*EXERCISE DESCRIPTION:* Would you copy every line of the listing below that includes the word "message"?

*DATASET EXTRACT:*

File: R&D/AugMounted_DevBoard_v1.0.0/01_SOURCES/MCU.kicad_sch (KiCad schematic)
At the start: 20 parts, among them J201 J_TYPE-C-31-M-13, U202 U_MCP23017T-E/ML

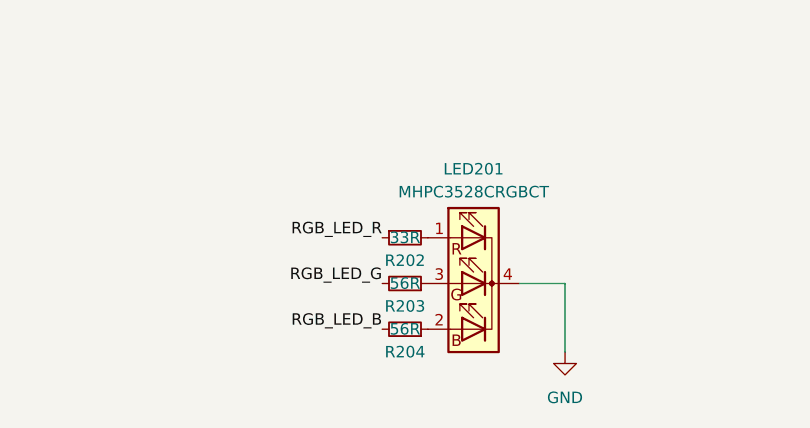
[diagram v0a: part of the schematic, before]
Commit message: Changed layout + all passive to 0402
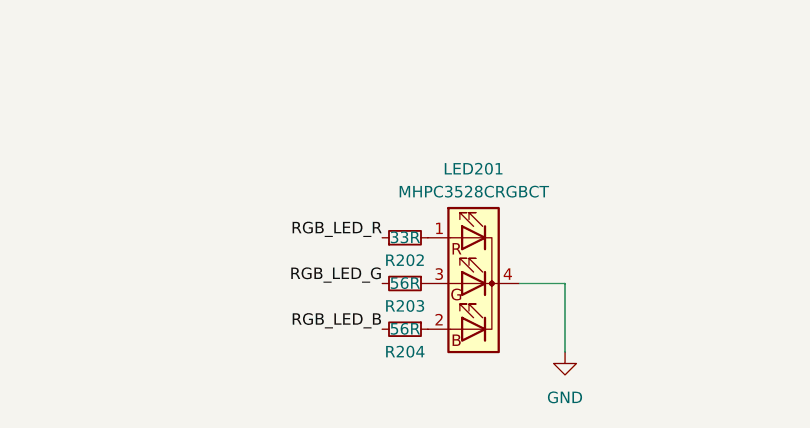
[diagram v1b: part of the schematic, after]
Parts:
- removed R202: R_0603_33R_1%_0.1W, .mounted-lib:R_0603_1608Metric, symbol .mounted-lib:R_0603_33R_1%_0.1W
- removed R203, R204: R_0603_56R_1%_0.1W, .mounted-lib:R_0603_1608Metric, symbol .mounted-lib:R_0603_56R_1%_0.1W
- added R202: R_0402_33R_1%_0.06W, .mounted-lib:R_0402_1005Metric, symbol .mounted-lib:R_0402_33R_1%_0.06W
- added R203, R204: R_0402_56R_1%_0.06W, .mounted-lib:R_0402_1005Metric, symbol .mounted-lib:R_0402_56R_1%_0.06W
- C201: value C_0603_1uF_16V_X7R_10% -> C_0402_1uF_10V_X7R_10%; footprint .mounted-lib:C_0603_1608Metric -> .mounted-lib:C_0402_1005Metric; symbol .mounted-lib:C_0603_1uF_16V_X7R_10%_1 -> .mounted-lib:C_0402_1uF_10V_X7R_10%; MaxHeight_mm 0.8mm -> 0.5mm; Package C0603 -> C0402; Voltage 16V -> 10V
- C203, C204: footprint .mounted-lib:C_0603_1608Metric -> .mounted-lib:C_0402_1005Metric; symbol .mounted-lib:C_0603_100nF_100V_X7R_10% -> .mounted-lib:C_0402_100nF_50V_X7R_10%; MaxHeight_mm 0.8mm -> 0.5mm; Voltage 100V -> 50V
- R201: footprint .mounted-lib:R_0603_1608Metric -> .mounted-lib:R_0402_1005Metric; symbol .mounted-lib:R_0603_10k_1%_0.1W -> .mounted-lib:R_0402_10k_1%_0.06W; MaxHeight_mm 0.55mm -> 0.35mm; Package R0603 -> R0402; Power_W 0.1W -> 0.06W
- R205, R206: footprint .mounted-lib:R_0603_1608Metric -> .mounted-lib:R_0402_1005Metric; symbol .mounted-lib:R_0603_4.7k_1%_0.1W -> .mounted-lib:R_0402_4.7k_1%_0.06W; MaxHeight_mm 0.55mm -> 0.35mm; Package R0603 -> R0402; Power_W 0.1W -> 0.06W
- R207, R208: footprint .mounted-lib:R_0603_1608Metric -> .mounted-lib:R_0402_1005Metric; symbol .mounted-lib:R_0603_5.23k_1%_0.1W -> .mounted-lib:R_0402_5.23k_1%_0.06W; MaxHeight_mm 0.55mm -> 0.35mm; Package R0603 -> R0402; Power_W 0.1W -> 0.06W
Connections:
- net RGB_LED_B: now also R204.2
- net RGB_LED_G: now also R203.2
- net RGB_LED_R: now also R202.1
- net at LED201.1 (RA): now also R202.2
- net at LED201.2 (GA): now also R204.1
- net at LED201.3 (BA): now also R203.1

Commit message: Component layout is done, routing video signals is done too.
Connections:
- net B1: now also U?.21 (GPIO13/TOUCH13/ADC2_CH2/FSPIQ/FSPIIO7/SUBSPIQ); no longer U?.22 (GPIO14/TOUCH14/ADC2_CH3/FSPIWP/FSPIDQS/SUBSPIWP)
- net B2: now also U?.22 (GPIO14/TOUCH14/ADC2_CH3/FSPIWP/FSPIDQS/SUBSPIWP); no longer U?.21 (GPIO13/TOUCH13/ADC2_CH2/FSPIQ/FSPIIO7/SUBSPIQ)
- net B3: now also U?.26 (GPIO45); no longer U?.20 (GPIO12/TOUCH12/ADC2_CH1/FSPICLK/FSPIIO6/SUBSPICLK)
- net B4: now also U?.24 (GPIO47/SPICLK_P/SUBSPICLK_P_DIFF); no longer U?.19 (GPIO11/TOUCH11/ADC2_CH0/FSPID/FSPIIO5/SUBSPID)
- net B5: now also U?.25 (GPIO48/SPICLK_N/SUBSPICLK_N_DIFF); no longer U?.18 (GPIO10/TOUCH10/ADC1_CH9/FSPICS0/FSPIIO4/SUBSPICS0)
- net G3: now also U?.20 (GPIO12/TOUCH12/ADC2_CH1/FSPICLK/FSPIIO6/SUBSPICLK); no longer U?.26 (GPIO45)
- net G4: now also U?.18 (GPIO10/TOUCH10/ADC1_CH9/FSPICS0/FSPIIO4/SUBSPICS0); no longer U?.25 (GPIO48/SPICLK_N/SUBSPICLK_N_DIFF)
- net G5: now also U?.19 (GPIO11/TOUCH11/ADC2_CH0/FSPID/FSPIIO5/SUBSPID); no longer U?.24 (GPIO47/SPICLK_P/SUBSPICLK_P_DIFF)
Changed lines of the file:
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@@
     (effects (font (size 1.27 1.27)) (justify left))
   )
-  (hierarchical_label "B2" (shape bidirectional) (at 139.7 83.82 0) (fields_autoplaced)
+  (hierarchical_label "B2" (shape bidirectional) (at 139.7 86.36 0) (fields_autoplaced)
     (effects (font (size 1.27 1.27)) (justify left))
   )
-  (hierarchical_label "B3" (shape bidirectional) (at 139.7 81.28 0) (fields_autoplaced)
+  (hierarchical_label "B3" (shape bidirectional) (at 139.7 99.06 0) (fields_autoplaced)
     (effects (font (size 1.27 1.27)) (justify left))
   )
@@
     (effects (font (size 1.27 1.27)) (justify left))
   )
-  (hierarchical_label "G4" (shape bidirectional) (at 139.7 106.68 0) (fields_autoplaced)
+  (hierarchical_label "G4" (shape bidirectional) (at 139.7 76.2 0) (fields_autoplaced)
     (effects (font (size 1.27 1.27)) (justify left))
   )
-  (hierarchical_label "B1" (shape bidirectional) (at 139.7 86.36 0) (fields_autoplaced)
+  (hierarchical_label "B1" (shape bidirectional) (at 139.7 83.82 0) (fields_autoplaced)
     (effects (font (size 1.27 1.27)) (justify left))
   )
@@
     (effects (font (size 1.27 1.27)) (justify right))
   )
-  (hierarchical_label "G5" (shape bidirectional) (at 139.7 104.14 0) (fields_autoplaced)
+  (hierarchical_label "G5" (shape bidirectional) (at 139.7 78.74 0) (fields_autoplaced)
     (effects (font (size 1.27 1.27)) (justify left))
   )
@@
     (effects (font (size 1.27 1.27)) (justify left))
   )
-  (hierarchical_label "G3" (shape bidirectional) (at 139.7 99.06 0) (fields_autoplaced)
+  (hierarchical_label "G3" (shape bidirectional) (at 139.7 81.28 0) (fields_autoplaced)
     (effects (font (size 1.27 1.27)) (justify left))
   )
@@
     (effects (font (size 1.27 1.27)) (justify left))
   )
-  (hierarchical_label "B5" (shape bidirectional) (at 139.7 76.2 0) (fields_autoplaced)
+  (hierarchical_label "B5" (shape bidirectional) (at 139.7 106.68 0) (fields_autoplaced)
     (effects (font (size 1.27 1.27)) (justify left))
   )
@@
     (effects (font (size 1.27 1.27)) (justify left))
   )
-  (hierarchical_label "B4" (shape bidirectional) (at 139.7 78.74 0) (fields_autoplaced)
+  (hierarchical_label "B4" (shape bidirectional) (at 139.7 104.14 0) (fields_autoplaced)
     (effects (font (size 1.27 1.27)) (justify left))
   )

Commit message: Layout almost done
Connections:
- net CC1: now also D201.6 (IO4); no longer D201.4 (IO3)
- net CC2: now also D201.4 (IO3); no longer D201.6 (IO4)
- net USB_D+: now also D201.3 (IO2); no longer D201.1 (IO1)
- net USB_D-: now also D201.1 (IO1); no longer D201.3 (IO2)
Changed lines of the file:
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@@
     (stroke (width 0) (type default))
   )
-  (label "CC1" (at 273.05 45.72 0) (fields_autoplaced)
+  (label "CC1" (at 273.05 50.8 0) (fields_autoplaced)
     (effects (font (size 1.27 1.27)) (justify left bottom))
   )
@@
     (effects (font (size 1.27 1.27)) (justify right bottom))
   )
-  (label "CC2" (at 273.05 50.8 0) (fields_autoplaced)
+  (label "CC2" (at 273.05 45.72 0) (fields_autoplaced)
     (effects (font (size 1.27 1.27)) (justify left bottom))
   )
@@
     (effects (font (size 1.27 1.27)) (justify left bottom))
   )
-  (label "USB_D+" (at 247.65 45.72 180) (fields_autoplaced)
+  (label "USB_D+" (at 247.65 50.8 180) (fields_autoplaced)
     (effects (font (size 1.27 1.27)) (justify right bottom))
   )
@@
     (effects (font (size 1.27 1.27)) (justify left bottom))
   )
-  (label "USB_D-" (at 247.65 50.8 180) (fields_autoplaced)
+  (label "USB_D-" (at 247.65 45.72 180) (fields_autoplaced)
     (effects (font (size 1.27 1.27)) (justify right bottom))
   )
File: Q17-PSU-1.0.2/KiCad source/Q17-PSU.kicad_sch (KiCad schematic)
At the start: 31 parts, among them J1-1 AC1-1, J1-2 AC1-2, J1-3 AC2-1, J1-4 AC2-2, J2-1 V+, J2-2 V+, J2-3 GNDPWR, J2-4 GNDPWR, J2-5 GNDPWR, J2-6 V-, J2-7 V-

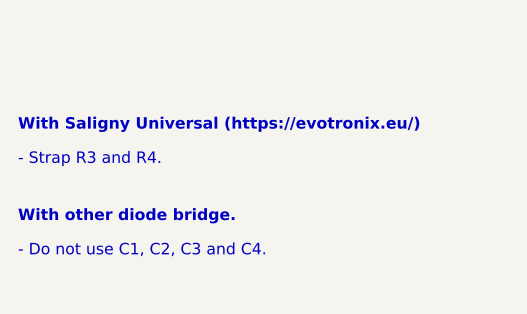
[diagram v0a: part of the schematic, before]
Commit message: Update PSU files to 1.0.2
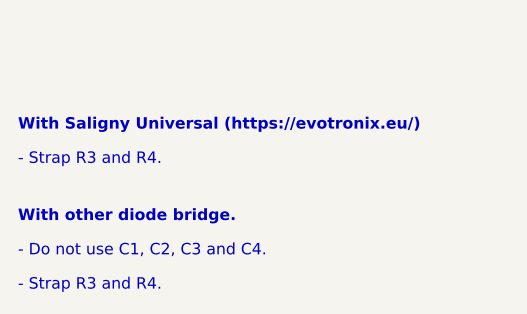
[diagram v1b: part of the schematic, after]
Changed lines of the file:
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@@
   (title_block
     (title "Q17 Power Supply Universal")
-    (date "2023-08-22")
-    (rev "1.0.1")
+    (date "2023-08-27")
+    (rev "1.0.2")
     (company "by stef")
   )
@@
     (effects (font (size 1.27 1.27) (thickness 0.254) bold) (justify left bottom))
   )
+  (text "- Strap R3 and R4." (at 15.24 187.96 0)
+    (effects (font (size 1.27 1.27)) (justify left bottom))
+  )
   (text "- Do not use C1, C2, C3 and C4." (at 15.24 184.15 0)

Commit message: Update PSU files
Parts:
- C1, C2: Mouser 505-MKP1G021002C00KF -> 810-FG28C0G2A103JRT6; Part# MKP1G021002C00KF00 -> FG28C0G2A103JRT06
- C10, C9: footprint Capacitor_THT:C_Rect_L18.0mm_W8.0mm_P15.00mm_FKS3_FKP3 -> Q17_Library:C_Rect_Q17_PSU_L26.50_H11.00_P20.50
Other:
- note added: "C1, C2 : 10nF 100V NPO (COG)"
- note added: "Others capacitors : MKP X2"
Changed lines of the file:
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@@
   (title_block
     (title "Q17 Power Supply Universal")
-    (date "2023-08-27")
-    (rev "1.0.2")
+    (date "2023-08-30")
+    (rev "1.0.3")
     (company "by stef")
   )
@@
     (effects (font (size 1.27 1.27)) (justify left bottom))
   )
+  (text "C1, C2 : 10nF 100V NPO (COG)" (at 83.82 170.18 0)
+    (effects (font (size 1.27 1.27)) (justify left bottom))
+  )
   (text "- Do not use C1, C2, C3 and C4." (at 15.24 184.15 0)
+    (effects (font (size 1.27 1.27)) (justify left bottom))
+  )
+  (text "Others capacitors : MKP X2" (at 83.82 173.99 0)
     (effects (font (size 1.27 1.27)) (justify left bottom))
   )
@@
       (effects (font (size 1.27 1.27)) hide)
     )
-    (property "Datasheet" "https://www.mouser.fr/datasheet/2/440/e_WIMA_MKP_10-1139811.pdf" (at 83.82 77.47 0)
-      (effects (font (size 1.27 1.27)) hide)
-    )
-    (property "Part#" "MKP1G021002C00KF00" (at 83.82 77.47 0)
-      (effects (font (size 1.27 1.27)) hide)
-    )
-    (property "Mouser" "505-MKP1G021002C00KF" (at 83.82 77.47 0)
+    (property "Datasheet" "https://product.tdk.com/system/files/dam/doc/product/capacitor/ceramic/lead-mlcc/catalog/leadmlcc_halogenfree_fg_en.pdf?ref_disty=mouser" (at 83.82 77.47 0)
+      (effects (font (size 1.27 1.27)) hide)
+    )
+    (property "Part#" "FG28C0G2A103JRT06" (at 83.82 77.47 0)
+      (effects (font (size 1.27 1.27)) hide)
+    )
+    (property "Mouser" "810-FG28C0G2A103JRT6" (at 83.82 77.47 0)
       (effects (font (size 1.27 1.27)) hide)
     )
@@
       (effects (font (size 1.27 1.27)) hide)
     )
-    (property "Datasheet" "https://www.mouser.fr/datasheet/2/440/e_WIMA_MKP_10-1139811.pdf" (at 83.82 106.68 0)
-      (effects (font (size 1.27 1.27)) hide)
-    )
-    (property "Part#" "MKP1G021002C00KF00" (at 83.82 106.68 0)
-      (effects (font (size 1.27 1.27)) hide)
-    )
-    (property "Mouser" "505-MKP1G021002C00KF" (at 83.82 106.68 0)
+    (property "Datasheet" "https://product.tdk.com/system/files/dam/doc/product/capacitor/ceramic/lead-mlcc/catalog/leadmlcc_halogenfree_fg_en.pdf?ref_disty=mouser" (at 83.82 106.68 0)
+      (effects (font (size 1.27 1.27)) hide)
+    )
+    (property "Part#" "FG28C0G2A103JRT06" (at 83.82 106.68 0)
+      (effects (font (size 1.27 1.27)) hide)
+    )
+    (property "Mouser" "810-FG28C0G2A103JRT6" (at 83.82 106.68 0)
       (effects (font (size 1.27 1.27)) hide)
     )
@@
       (effects (font (size 1.27 1.27)) (justify left))
     )
-    (property "Footprint" "Capacitor_THT:C_Rect_L18.0mm_W8.0mm_P15.00mm_FKS3_FKP3" (at 180.0352 106.68 0)
+    (property "Footprint" "Q17_Library:C_Rect_Q17_PSU_L26.50_H11.00_P20.50" (at 180.0352 106.68 0)
       (effects (font (size 1.27 1.27)) hide)
     )
@@
       (effects (font (size 1.27 1.27)) (justify left))
     )
-    (property "Footprint" "Capacitor_THT:C_Rect_L18.0mm_W8.0mm_P15.00mm_FKS3_FKP3" (at 180.0352 76.2 0)
-      (effects (font (size 1.27 1.27)) hide)
-    )
+    (property "Footprint" "Q17_Library:C_Rect_Q17_PSU_L26.50_H11.00_P20.50" (at 180.0352 76.2 0)
+      (effects (font (size 1.27 1.27)) hide)
+    )

*PROBLEM SOLUTION:*
Commit message: Changed layout + all passive to 0402
Commit message: Component layout is done, routing video signals is done too.
Commit message: Layout almost done
Commit message: Update PSU files to 1.0.2
Commit message: Update PSU files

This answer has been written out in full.